Rhodamine-6G uptake was measured as described previously (van den Hazel et al., 1999) with the following modifications. 20 OD600 of wild-type and aip1Δ cells were harvested and washed three times with 50 mM Hepes, pH 7.2. The cell pellet was resuspended in 4 ml of deenergizing buffer A (50 mM Hepes, pH 7.2, 1 µM antimycin A [Sigma-Aldrich], and 5 mM 2-deoxy-glucose [Sigma-Aldrich]) and incubated at room temperature for 2 h with gentle agitation. 5 µM rhodamine-6G was added to the cells, and every 10 min, 100 µl of this cell mixture was harvested and washed three times with 1 ml of buffer A. The cells were centrifuged and resuspended in 1 ml Hepes, pH 7.2, and rhodamine-6G accumulation was measured using a spectrofluorimeter (FluoroMax-3; Horiba Jobin Yvon) with an excitation λ = 529 nm (slit 4) and an emission λ = 553 nm (slit 8). An aliquot before drug treatment was used to determine background fluorescence.
Rhodamine-6G efflux was measured as described previously (Kolaczkowski et al., 1996) with the following modifications. 5 OD600 of wild-type and aip1Δ cells was harvested and washed with H2O four times. The cell pellet was resuspended in 400 µl of deenergizing buffer B (50 mM Hepes, pH 7.2, and 5 mM 2-deoxy-glucose) supplemented with 5 µM rhodamine-6G and incubated at room temperature for 2 h with gentle agitation. 50 ml of this cell mixture was harvested and washed three times with 50 mM Hepes, pH 7.2, and resuspended in 2 ml 50 mM Hepes, pH 7.2. 1 ml of this cell mixture was placed into a quartz cuvette, and efflux was initiated with 1 ml of 1 M glucose. Efflux was measured by an increase in fluorescence every 5 s after addition of glucose using the aforementioned equipment and settings.

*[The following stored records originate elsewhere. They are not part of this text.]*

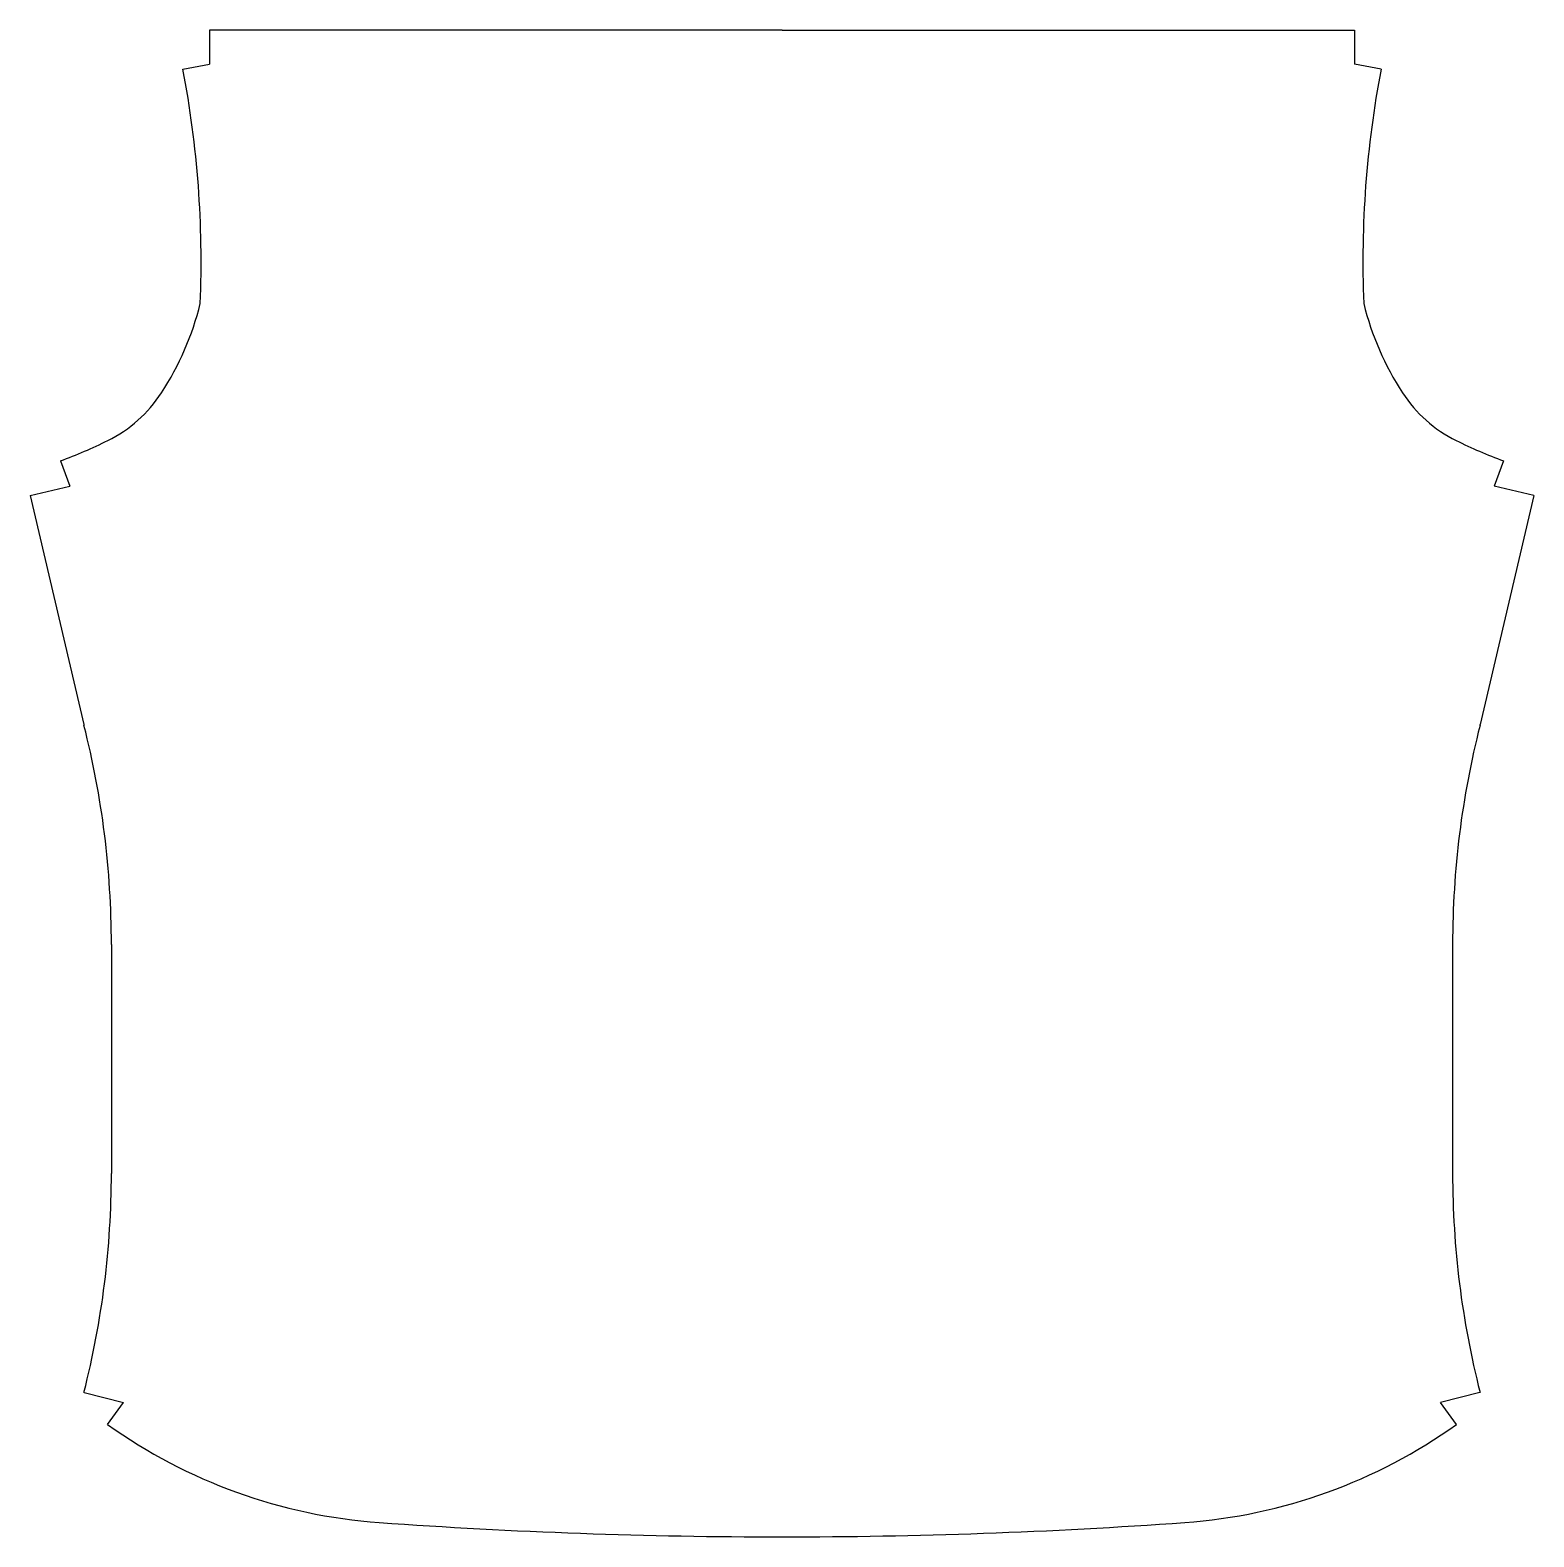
# Model space of a CAD drawing. Extents: x 1045 to 1749, y 123 to 829.
import ezdxf

# ---------------------------------------------------------------- set-up
doc = ezdxf.new("R2010")
doc.units = 0
doc.header["$MEASUREMENT"] = 0
doc.layers.add('2_L_SEAM_ALLOWANCE_3', color=5, linetype='Continuous')

msp = doc.modelspace()

# ---------------------------------------------------------------- linework, layer by layer
at = {"layer": '2_L_SEAM_ALLOWANCE_3', "color": 5, "linetype": 'Continuous', "lineweight": 25}
for p, q in [((1129.12, 828.67), (1129.12, 812.8)), ((1397, 828.67), (1129.12, 828.67)), ((1397, 828.67), (1664.88, 828.67)), ((1664.88, 828.67), (1664.88, 812.8)), ((1116.65, 810.41), (1129.12, 812.8)), ((1677.35, 810.41), (1664.88, 812.8)), ((1059.34, 627.09), (1063.71, 615.17)), ((1734.66, 627.09), (1730.29, 615.17)), ((1045.16, 610.83), (1063.71, 615.17)), ((1748.84, 610.83), (1730.29, 615.17)), ((1045.16, 610.83), (1070.29, 503.64)), ((1748.84, 610.83), (1723.71, 503.64)), ((1083.18, 400.8), (1083.18, 293.61)), ((1710.82, 400.8), (1710.82, 293.61)), ((1070.37, 191.11), (1088.83, 186.42)), ((1723.63, 191.11), (1705.17, 186.42)), ((1081.44, 176.1), (1088.83, 186.42)), ((1712.56, 176.1), (1705.17, 186.42))]:
    msp.add_line(p, q, dxfattribs=at)
for centre, radius, start, end in [((647.16, 720.51), 478.02, -2.37454, 10.84065), ((2146.84, 720.51), 478.02, 169.15935, -177.62546), ((991.31, 733.77), 137.49, -32.97751, -13.91679), ((1802.69, 733.77), 137.49, -166.08321, -147.02249), ((1053.55, 693.38), 63.3, -63.75541, -32.97751), ((1740.45, 693.38), 63.3, -147.02249, -116.24459), ((981.01, 840.51), 227.34, -69.84741, -63.75541), ((1812.99, 840.51), 227.34, -116.24459, -110.15259), ((1088.83, 507.98), 19.05, -166.80939, -165.74997), ((666.78, 400.8), 416.4, 0, 14.25003), ((2127.22, 400.8), 416.4, 165.74997, 180), ((1705.17, 507.98), 19.05, -14.25003, -13.19061), ((666.78, 293.61), 416.4, -14.25003, 0), ((2127.22, 293.61), 416.4, 180, -165.74997), ((1226.25, 378.23), 248.65, -125.61961, -94.09082), ((1567.75, 378.23), 248.65, -85.90918, -54.38039), ((1397, 2765.63), 2642.16, -94.09082, -90), ((1397, 2765.63), 2642.16, -90, -85.90918)]:
    msp.add_arc(centre, radius, start, end, dxfattribs=at)

doc.saveas('drawing.dxf')

Fig. S1 shows that Aip1 does not contribute significantly to actin dynamics in vivo. Fig. S2 shows that aipΔ cells have no defects in actin levels, drug uptake, or drug efflux. Fig. S3 shows DNase I inhibition indicating that aip1Δ cells have less actin monomer than wild-type cells. Video 1 shows actin tail dynamics marked by Abp1-mRFP in sla2Δ cells. Video 2 shows actin tail dynamics in sla2Δ cells expressing Abp1-mRFP and treated with 400 µM lat A. Video 3 shows actin assembly (Abp1-mRFP) at endocytic sites marked by Sla1-GFP in wild-type cells treated with 200 µM lat A. Video 4 shows Aip1-GFP and Abp1-mRFP dynamics simultaneously imaged in wild-type cells. Video 5 shows actin tail dynamics in aip1Δ sla2Δ cells expressing Abp1-mRFP and treated with 400 µM lat A. Video 6 shows actin assembly (Abp1-mRFP) at endocytic sites marked by Sla1-GFP in aip1Δ cells treated with 200 µM lat A. Table S1 shows yeast strains used in this study. Online supplemental material is available at http://www.jcb.org/cgi/content/full/jcb.200909176/DC1.
We are very grateful to Emil Reisler for providing the Q41C actin mutant, Isabelle Le Blanc, Helen Stimpson, and Alphée Michelot for their critical reading of the manuscript, and the rest of the Drubin/Barnes laboratory for helpful discussion.
This work was supported by the National Institutes of Health (RO1 grant GM42759 to D.G. Drubin).